#### [Work item]
From the records below, extract only the lines running from the line with "#115=CARTESIAN_POINT('',(-24.6817240078565,0.,-14.25));" to the line with "#151=AXIS2_PLACEMENT_3D('',#148,#149,#150);", both lines included, reproducing them exactly.

START Entries shown

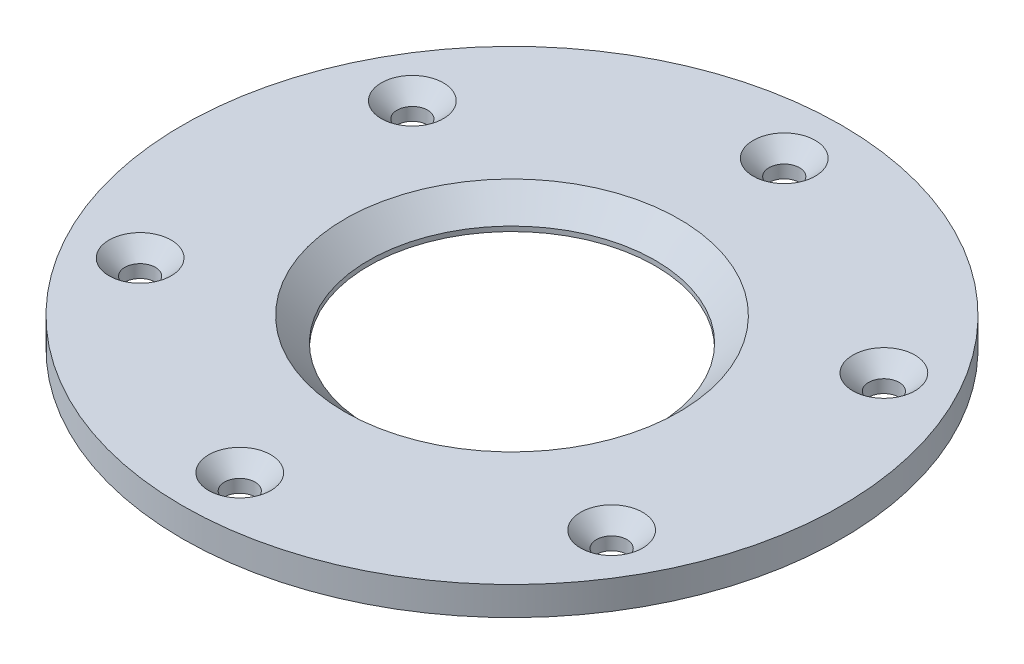
ISO-10303-21;
HEADER;
FILE_DESCRIPTION(('STEP AP214'),'2;1');
FILE_NAME('part.step','',(''),(''),'','','');
FILE_SCHEMA(('AUTOMOTIVE_DESIGN { 1 0 10303 214 1 1 1 1 }'));
ENDSEC;
DATA;
#1=APPLICATION_CONTEXT('core data for automotive mechanical design processes');
#2=APPLICATION_PROTOCOL_DEFINITION('international standard','automotive_design',2000,#1);
#3=PRODUCT_CONTEXT('',#1,'mechanical');
#4=PRODUCT('Part','Part','',(#3));
#5=PRODUCT_RELATED_PRODUCT_CATEGORY('part','',(#4));
#6=PRODUCT_DEFINITION_FORMATION('','',#4);
#7=PRODUCT_DEFINITION_CONTEXT('part definition',#1,'design');
#8=PRODUCT_DEFINITION('design','',#6,#7);
#9=PRODUCT_DEFINITION_SHAPE('','',#8);
#10=(LENGTH_UNIT() NAMED_UNIT(*) SI_UNIT(.MILLI.,.METRE.));
#11=(NAMED_UNIT(*) PLANE_ANGLE_UNIT() SI_UNIT($,.RADIAN.));
#12=(NAMED_UNIT(*) SI_UNIT($,.STERADIAN.) SOLID_ANGLE_UNIT());
#13=UNCERTAINTY_MEASURE_WITH_UNIT(LENGTH_MEASURE(1.E-05),#10,'distance_accuracy_value','');
#14=(GEOMETRIC_REPRESENTATION_CONTEXT(3) GLOBAL_UNCERTAINTY_ASSIGNED_CONTEXT((#13)) GLOBAL_UNIT_ASSIGNED_CONTEXT((#10,
#11,#12)) REPRESENTATION_CONTEXT('',''));
#15=CARTESIAN_POINT('',(0.,0.,0.));
#16=DIRECTION('',(0.,0.,1.));
#17=DIRECTION('',(1.,0.,0.));
#18=AXIS2_PLACEMENT_3D('',#15,#16,#17);
#19=CARTESIAN_POINT('',(0.,1.51000000000001,0.));
#20=DIRECTION('',(0.,1.,0.));
#21=DIRECTION('',(0.,0.,1.));
#22=AXIS2_PLACEMENT_3D('',#19,#20,#21);
#23=PLANE('',#22);
#24=CARTESIAN_POINT('',(0.,1.51000000000001,0.));
#25=DIRECTION('',(0.,1.,0.));
#26=DIRECTION('',(0.,0.,1.));
#27=AXIS2_PLACEMENT_3D('',#24,#25,#26);
#28=CIRCLE('',#27,17.5);
#29=CARTESIAN_POINT('',(0.,1.51000000000001,17.5));
#30=VERTEX_POINT('',#29);
#31=EDGE_CURVE('E20',#30,#30,#28,.F.);
#32=ORIENTED_EDGE('',*,*,#31,.F.);
#33=EDGE_LOOP('',(#32));
#34=FACE_BOUND('',#33,.T.);
#35=CARTESIAN_POINT('',(0.,1.51000000000001,0.));
#36=DIRECTION('',(0.,1.,0.));
#37=DIRECTION('',(0.,0.,1.));
#38=AXIS2_PLACEMENT_3D('',#35,#36,#37);
#39=CIRCLE('',#38,19.95);
#40=CARTESIAN_POINT('',(0.,1.51000000000001,19.95));
#41=VERTEX_POINT('',#40);
#42=EDGE_CURVE('E212',#41,#41,#39,.F.);
#43=ORIENTED_EDGE('',*,*,#42,.T.);
#44=EDGE_LOOP('',(#43));
#45=FACE_BOUND('',#44,.T.);
#46=ADVANCED_FACE('F17',(#34,#45),#23,.F.);
#47=CARTESIAN_POINT('',(0.,0.,0.));
#48=DIRECTION('',(0.,1.,0.));
#49=DIRECTION('',(0.,0.,1.));
#50=AXIS2_PLACEMENT_3D('',#47,#48,#49);
#51=CYLINDRICAL_SURFACE('',#50,17.5);
#52=CARTESIAN_POINT('',(0.,0.,0.));
#53=DIRECTION('',(0.,1.,0.));
#54=DIRECTION('',(0.,0.,1.));
#55=AXIS2_PLACEMENT_3D('',#52,#53,#54);
#56=CIRCLE('',#55,17.5);
#57=CARTESIAN_POINT('',(0.,0.,17.5));
#58=VERTEX_POINT('',#57);
#59=EDGE_CURVE('E208',#58,#58,#56,.F.);
#60=ORIENTED_EDGE('',*,*,#59,.F.);
#61=EDGE_LOOP('',(#60));
#62=FACE_BOUND('',#61,.T.);
#63=ORIENTED_EDGE('',*,*,#31,.T.);
#64=EDGE_LOOP('',(#63));
#65=FACE_BOUND('',#64,.T.);
#66=ADVANCED_FACE('F198',(#62,#65),#51,.T.);
#67=CARTESIAN_POINT('',(0.,0.,0.));
#68=DIRECTION('',(0.,1.,0.));
#69=DIRECTION('',(0.,0.,1.));
#70=AXIS2_PLACEMENT_3D('',#67,#68,#69);
#71=CYLINDRICAL_SURFACE('',#70,19.95);
#72=CARTESIAN_POINT('',(0.,0.,0.));
#73=DIRECTION('',(0.,1.,0.));
#74=DIRECTION('',(0.,0.,1.));
#75=AXIS2_PLACEMENT_3D('',#72,#73,#74);
#76=CIRCLE('',#75,19.95);
#77=CARTESIAN_POINT('',(0.,0.,19.95));
#78=VERTEX_POINT('',#77);
#79=EDGE_CURVE('E104',#78,#78,#76,.T.);
#80=ORIENTED_EDGE('',*,*,#79,.F.);
#81=EDGE_LOOP('',(#80));
#82=FACE_BOUND('',#81,.T.);
#83=ORIENTED_EDGE('',*,*,#42,.F.);
#84=EDGE_LOOP('',(#83));
#85=FACE_BOUND('',#84,.T.);
#86=ADVANCED_FACE('F190',(#82,#85),#71,.F.);
#87=CARTESIAN_POINT('',(24.75,0.,0.));
#88=DIRECTION('',(0.,-1.,0.));
#89=DIRECTION('',(0.,0.,-1.));
#90=AXIS2_PLACEMENT_3D('',#87,#88,#89);
#91=PLANE('',#90);
#92=CARTESIAN_POINT('',(0.,0.,0.));
#93=DIRECTION('',(0.,-1.,0.));
#94=DIRECTION('',(0.,0.,-1.));
#95=AXIS2_PLACEMENT_3D('',#92,#93,#94);
#96=CIRCLE('',#95,15.);
#97=CARTESIAN_POINT('',(0.,0.,-15.));
#98=VERTEX_POINT('',#97);
#99=EDGE_CURVE('E69',#98,#98,#96,.F.);
#100=ORIENTED_EDGE('',*,*,#99,.T.);
#101=EDGE_LOOP('',(#100));
#102=FACE_BOUND('',#101,.T.);
#103=ORIENTED_EDGE('',*,*,#59,.T.);
#104=EDGE_LOOP('',(#103));
#105=FACE_BOUND('',#104,.T.);
#106=ADVANCED_FACE('F181',(#102,#105),#91,.T.);
#107=CARTESIAN_POINT('',(24.75,0.,0.));
#108=DIRECTION('',(0.,-1.,0.));
#109=DIRECTION('',(0.,0.,-1.));
#110=AXIS2_PLACEMENT_3D('',#107,#108,#109);
#111=PLANE('',#110);
#112=ORIENTED_EDGE('',*,*,#79,.T.);
#113=EDGE_LOOP('',(#112));
#114=FACE_BOUND('',#113,.T.);
#115=CARTESIAN_POINT('',(-24.6817240078565,0.,-14.25));
#116=DIRECTION('',(0.,1.,0.));
#117=DIRECTION('',(0.,0.,1.));
#118=AXIS2_PLACEMENT_3D('',#115,#116,#117);
#119=CIRCLE('',#118,1.6);
#120=CARTESIAN_POINT('',(-24.6817240078565,0.,-12.65));
#121=VERTEX_POINT('',#120);
#122=EDGE_CURVE('E99',#121,#121,#119,.T.);
#123=ORIENTED_EDGE('',*,*,#122,.T.);
#124=EDGE_LOOP('',(#123));
#125=FACE_BOUND('',#124,.T.);
#126=CARTESIAN_POINT('',(-24.6817240078565,0.,14.25));
#127=DIRECTION('',(0.,1.,0.));
#128=DIRECTION('',(0.,0.,1.));
#129=AXIS2_PLACEMENT_3D('',#126,#127,#128);
#130=CIRCLE('',#129,1.6);
#131=CARTESIAN_POINT('',(-24.6817240078565,0.,15.85));
#132=VERTEX_POINT('',#131);
#133=EDGE_CURVE('E94',#132,#132,#130,.T.);
#134=ORIENTED_EDGE('',*,*,#133,.T.);
#135=EDGE_LOOP('',(#134));
#136=FACE_BOUND('',#135,.T.);
#137=CARTESIAN_POINT('',(0.,0.,28.5));
#138=DIRECTION('',(0.,1.,0.));
#139=DIRECTION('',(0.,0.,1.));
#140=AXIS2_PLACEMENT_3D('',#137,#138,#139);
#141=CIRCLE('',#140,1.6);
#142=CARTESIAN_POINT('',(0.,0.,30.1));
#143=VERTEX_POINT('',#142);
#144=EDGE_CURVE('E90',#143,#143,#141,.T.);
#145=ORIENTED_EDGE('',*,*,#144,.T.);
#146=EDGE_LOOP('',(#145));
#147=FACE_BOUND('',#146,.T.);
#148=CARTESIAN_POINT('',(24.6817240078565,0.,14.25));
#149=DIRECTION('',(0.,1.,0.));
#150=DIRECTION('',(0.,0.,1.));
#151=AXIS2_PLACEMENT_3D('',#148,#149,#150);
#152=CIRCLE('',#151,1.6);
#153=CARTESIAN_POINT('',(24.6817240078565,0.,15.85));
#154=VERTEX_POINT('',#153);
#155=EDGE_CURVE('E82',#154,#154,#152,.T.);
#156=ORIENTED_EDGE('',*,*,#155,.T.);
#157=EDGE_LOOP('',(#156));
#158=FACE_BOUND('',#157,.T.);
#159=CARTESIAN_POINT('',(24.6817240078565,0.,-14.25));
#160=DIRECTION('',(0.,1.,0.));
#161=DIRECTION('',(0.,0.,1.));
#162=AXIS2_PLACEMENT_3D('',#159,#160,#161);
#163=CIRCLE('',#162,1.6);
#164=CARTESIAN_POINT('',(24.6817240078565,0.,-12.65));
#165=VERTEX_POINT('',#164);
#166=EDGE_CURVE('E77',#165,#165,#163,.T.);
#167=ORIENTED_EDGE('',*,*,#166,.T.);
#168=EDGE_LOOP('',(#167));
#169=FACE_BOUND('',#168,.T.);
#170=CARTESIAN_POINT('',(0.,0.,-28.5));
#171=DIRECTION('',(0.,1.,0.));
#172=DIRECTION('',(0.,0.,1.));
#173=AXIS2_PLACEMENT_3D('',#170,#171,#172);
#174=CIRCLE('',#173,1.6);
#175=CARTESIAN_POINT('',(0.,0.,-26.9));
#176=VERTEX_POINT('',#175);
#177=EDGE_CURVE('E72',#176,#176,#174,.T.);
#178=ORIENTED_EDGE('',*,*,#177,.T.);
#179=EDGE_LOOP('',(#178));
#180=FACE_BOUND('',#179,.T.);
#181=CARTESIAN_POINT('',(0.,0.,0.));
#182=DIRECTION('',(0.,-1.,0.));
#183=DIRECTION('',(0.,0.,-1.));
#184=AXIS2_PLACEMENT_3D('',#181,#182,#183);
#185=CIRCLE('',#184,34.5);
#186=CARTESIAN_POINT('',(0.,0.,-34.5));
#187=VERTEX_POINT('',#186);
#188=EDGE_CURVE('E64',#187,#187,#185,.F.);
#189=ORIENTED_EDGE('',*,*,#188,.F.);
#190=EDGE_LOOP('',(#189));
#191=FACE_BOUND('',#190,.T.);
#192=ADVANCED_FACE('F179',(#114,#125,#136,#147,#158,#169,#180,#191),#111,.T.);
#193=CARTESIAN_POINT('',(-24.6817240078565,-94.6268405716379,-14.25));
#194=DIRECTION('',(0.,1.,0.));
#195=DIRECTION('',(0.,0.,1.));
#196=AXIS2_PLACEMENT_3D('',#193,#194,#195);
#197=CYLINDRICAL_SURFACE('',#196,1.6);
#198=CARTESIAN_POINT('',(-24.6817240078565,1.35000000000218,-14.25));
#199=DIRECTION('',(0.,1.,0.));
#200=DIRECTION('',(0.499999999974687,0.,-0.866025403799053));
#201=AXIS2_PLACEMENT_3D('',#198,#199,#200);
#202=CIRCLE('',#201,1.6000000000364);
#203=CARTESIAN_POINT('',(-23.8817240078788,1.35000000000218,-15.63564064611));
#204=VERTEX_POINT('',#203);
#205=EDGE_CURVE('E68',#204,#204,#202,.T.);
#206=ORIENTED_EDGE('',*,*,#205,.T.);
#207=EDGE_LOOP('',(#206));
#208=FACE_BOUND('',#207,.T.);
#209=ORIENTED_EDGE('',*,*,#122,.F.);
#210=EDGE_LOOP('',(#209));
#211=FACE_BOUND('',#210,.T.);
#212=ADVANCED_FACE('F155',(#208,#211),#197,.F.);
#213=CARTESIAN_POINT('',(-24.6817240078565,-94.6268405716379,14.25));
#214=DIRECTION('',(0.,1.,0.));
#215=DIRECTION('',(0.,0.,1.));
#216=AXIS2_PLACEMENT_3D('',#213,#214,#215);
#217=CYLINDRICAL_SURFACE('',#216,1.6);
#218=CARTESIAN_POINT('',(-24.6817240078565,1.35000000000218,14.25));
#219=DIRECTION('',(0.,1.,0.));
#220=DIRECTION('',(-0.499999999984801,0.,-0.866025403793214));
#221=AXIS2_PLACEMENT_3D('',#218,#219,#220);
#222=CIRCLE('',#221,1.5999999999721);
#223=CARTESIAN_POINT('',(-25.4817240078182,1.35000000000218,12.864359353955));
#224=VERTEX_POINT('',#223);
#225=EDGE_CURVE('E141',#224,#224,#222,.T.);
#226=ORIENTED_EDGE('',*,*,#225,.T.);
#227=EDGE_LOOP('',(#226));
#228=FACE_BOUND('',#227,.T.);
#229=ORIENTED_EDGE('',*,*,#133,.F.);
#230=EDGE_LOOP('',(#229));
#231=FACE_BOUND('',#230,.T.);
#232=ADVANCED_FACE('F188',(#228,#231),#217,.F.);
#233=CARTESIAN_POINT('',(0.,-94.6268405716379,28.5));
#234=DIRECTION('',(0.,1.,0.));
#235=DIRECTION('',(0.,0.,1.));
#236=AXIS2_PLACEMENT_3D('',#233,#234,#235);
#237=CYLINDRICAL_SURFACE('',#236,1.6);
#238=CARTESIAN_POINT('',(0.,1.35000000000218,28.5));
#239=DIRECTION('',(0.,1.,0.));
#240=DIRECTION('',(-1.,0.,0.));
#241=AXIS2_PLACEMENT_3D('',#238,#239,#240);
#242=CIRCLE('',#241,1.59999999993943);
#243=CARTESIAN_POINT('',(-1.59999999993943,1.35000000000218,28.5));
#244=VERTEX_POINT('',#243);
#245=EDGE_CURVE('E137',#244,#244,#242,.T.);
#246=ORIENTED_EDGE('',*,*,#245,.T.);
#247=EDGE_LOOP('',(#246));
#248=FACE_BOUND('',#247,.T.);
#249=ORIENTED_EDGE('',*,*,#144,.F.);
#250=EDGE_LOOP('',(#249));
#251=FACE_BOUND('',#250,.T.);
#252=ADVANCED_FACE('F267',(#248,#251),#237,.F.);
#253=CARTESIAN_POINT('',(24.6817240078565,-94.6268405716379,14.25));
#254=DIRECTION('',(0.,1.,0.));
#255=DIRECTION('',(0.,0.,1.));
#256=AXIS2_PLACEMENT_3D('',#253,#254,#255);
#257=CYLINDRICAL_SURFACE('',#256,1.6);
#258=CARTESIAN_POINT('',(24.6817240078565,1.35000000000218,14.25));
#259=DIRECTION('',(0.,1.,0.));
#260=DIRECTION('',(-0.499999999976748,0.,0.866025403797863));
#261=AXIS2_PLACEMENT_3D('',#258,#259,#260);
#262=CIRCLE('',#261,1.59999999997296);
#263=CARTESIAN_POINT('',(23.8817240079072,1.35000000000218,15.6356406460532));
#264=VERTEX_POINT('',#263);
#265=EDGE_CURVE('E126',#264,#264,#262,.T.);
#266=ORIENTED_EDGE('',*,*,#265,.T.);
#267=EDGE_LOOP('',(#266));
#268=FACE_BOUND('',#267,.T.);
#269=ORIENTED_EDGE('',*,*,#155,.F.);
#270=EDGE_LOOP('',(#269));
#271=FACE_BOUND('',#270,.T.);
#272=ADVANCED_FACE('F229',(#268,#271),#257,.F.);
#273=CARTESIAN_POINT('',(24.6817240078565,-94.6268405716379,-14.25));
#274=DIRECTION('',(0.,1.,0.));
#275=DIRECTION('',(0.,0.,1.));
#276=AXIS2_PLACEMENT_3D('',#273,#274,#275);
#277=CYLINDRICAL_SURFACE('',#276,1.6);
#278=CARTESIAN_POINT('',(24.6817240078565,1.35000000000218,-14.25));
#279=DIRECTION('',(0.,1.,0.));
#280=DIRECTION('',(0.499999999984801,0.,0.866025403793214));
#281=AXIS2_PLACEMENT_3D('',#278,#279,#280);
#282=CIRCLE('',#281,1.5999999999721);
#283=CARTESIAN_POINT('',(25.4817240078182,1.35000000000218,-12.864359353955));
#284=VERTEX_POINT('',#283);
#285=EDGE_CURVE('E119',#284,#284,#282,.T.);
#286=ORIENTED_EDGE('',*,*,#285,.T.);
#287=EDGE_LOOP('',(#286));
#288=FACE_BOUND('',#287,.T.);
#289=ORIENTED_EDGE('',*,*,#166,.F.);
#290=EDGE_LOOP('',(#289));
#291=FACE_BOUND('',#290,.T.);
#292=ADVANCED_FACE('F260',(#288,#291),#277,.F.);
#293=CARTESIAN_POINT('',(0.,-94.6268405716379,-28.5));
#294=DIRECTION('',(0.,1.,0.));
#295=DIRECTION('',(0.,0.,1.));
#296=AXIS2_PLACEMENT_3D('',#293,#294,#295);
#297=CYLINDRICAL_SURFACE('',#296,1.6);
#298=CARTESIAN_POINT('',(0.,1.35000000000218,-28.5));
#299=DIRECTION('',(0.,1.,0.));
#300=DIRECTION('',(1.,0.,0.));
#301=AXIS2_PLACEMENT_3D('',#298,#299,#300);
#302=CIRCLE('',#301,1.59999999993943);
#303=CARTESIAN_POINT('',(1.59999999993943,1.35000000000218,-28.5));
#304=VERTEX_POINT('',#303);
#305=EDGE_CURVE('E116',#304,#304,#302,.T.);
#306=ORIENTED_EDGE('',*,*,#305,.T.);
#307=EDGE_LOOP('',(#306));
#308=FACE_BOUND('',#307,.T.);
#309=ORIENTED_EDGE('',*,*,#177,.F.);
#310=EDGE_LOOP('',(#309));
#311=FACE_BOUND('',#310,.T.);
#312=ADVANCED_FACE('F256',(#308,#311),#297,.F.);
#313=CARTESIAN_POINT('',(0.,0.250000000000014,0.));
#314=DIRECTION('',(0.,-1.,0.));
#315=DIRECTION('',(0.,0.,-1.));
#316=AXIS2_PLACEMENT_3D('',#313,#314,#315);
#317=CYLINDRICAL_SURFACE('',#316,15.);
#318=ORIENTED_EDGE('',*,*,#99,.F.);
#319=EDGE_LOOP('',(#318));
#320=FACE_BOUND('',#319,.T.);
#321=CARTESIAN_POINT('',(0.,0.500000000003201,0.));
#322=DIRECTION('',(0.,1.,0.));
#323=DIRECTION('',(1.,0.,0.));
#324=AXIS2_PLACEMENT_3D('',#321,#322,#323);
#325=CIRCLE('',#324,14.9999999999968);
#326=CARTESIAN_POINT('',(14.9999999999968,0.500000000003201,0.));
#327=VERTEX_POINT('',#326);
#328=EDGE_CURVE('E63',#327,#327,#325,.T.);
#329=ORIENTED_EDGE('',*,*,#328,.T.);
#330=EDGE_LOOP('',(#329));
#331=FACE_BOUND('',#330,.T.);
#332=ADVANCED_FACE('F175',(#320,#331),#317,.F.);
#333=CARTESIAN_POINT('',(0.,1.50000000000001,0.));
#334=DIRECTION('',(0.,-1.,0.));
#335=DIRECTION('',(0.,0.,-1.));
#336=AXIS2_PLACEMENT_3D('',#333,#334,#335);
#337=CYLINDRICAL_SURFACE('',#336,34.5);
#338=CARTESIAN_POINT('',(0.,3.00000000000001,0.));
#339=DIRECTION('',(0.,-1.,0.));
#340=DIRECTION('',(0.,0.,-1.));
#341=AXIS2_PLACEMENT_3D('',#338,#339,#340);
#342=CIRCLE('',#341,34.5);
#343=CARTESIAN_POINT('',(0.,3.00000000000001,-34.5));
#344=VERTEX_POINT('',#343);
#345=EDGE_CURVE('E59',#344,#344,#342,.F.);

END Entries shown

#### [Answer for this exercise]
#115=CARTESIAN_POINT('',(-24.6817240078565,0.,-14.25));
#116=DIRECTION('',(0.,1.,0.));
#117=DIRECTION('',(0.,0.,1.));
#118=AXIS2_PLACEMENT_3D('',#115,#116,#117);
#119=CIRCLE('',#118,1.6);
#120=CARTESIAN_POINT('',(-24.6817240078565,0.,-12.65));
#121=VERTEX_POINT('',#120);
#122=EDGE_CURVE('E99',#121,#121,#119,.T.);
#123=ORIENTED_EDGE('',*,*,#122,.T.);
#124=EDGE_LOOP('',(#123));
#125=FACE_BOUND('',#124,.T.);
#126=CARTESIAN_POINT('',(-24.6817240078565,0.,14.25));
#127=DIRECTION('',(0.,1.,0.));
#128=DIRECTION('',(0.,0.,1.));
#129=AXIS2_PLACEMENT_3D('',#126,#127,#128);
#130=CIRCLE('',#129,1.6);
#131=CARTESIAN_POINT('',(-24.6817240078565,0.,15.85));
#132=VERTEX_POINT('',#131);
#133=EDGE_CURVE('E94',#132,#132,#130,.T.);
#134=ORIENTED_EDGE('',*,*,#133,.T.);
#135=EDGE_LOOP('',(#134));
#136=FACE_BOUND('',#135,.T.);
#137=CARTESIAN_POINT('',(0.,0.,28.5));
#138=DIRECTION('',(0.,1.,0.));
#139=DIRECTION('',(0.,0.,1.));
#140=AXIS2_PLACEMENT_3D('',#137,#138,#139);
#141=CIRCLE('',#140,1.6);
#142=CARTESIAN_POINT('',(0.,0.,30.1));
#143=VERTEX_POINT('',#142);
#144=EDGE_CURVE('E90',#143,#143,#141,.T.);
#145=ORIENTED_EDGE('',*,*,#144,.T.);
#146=EDGE_LOOP('',(#145));
#147=FACE_BOUND('',#146,.T.);
#148=CARTESIAN_POINT('',(24.6817240078565,0.,14.25));
#149=DIRECTION('',(0.,1.,0.));
#150=DIRECTION('',(0.,0.,1.));
#151=AXIS2_PLACEMENT_3D('',#148,#149,#150);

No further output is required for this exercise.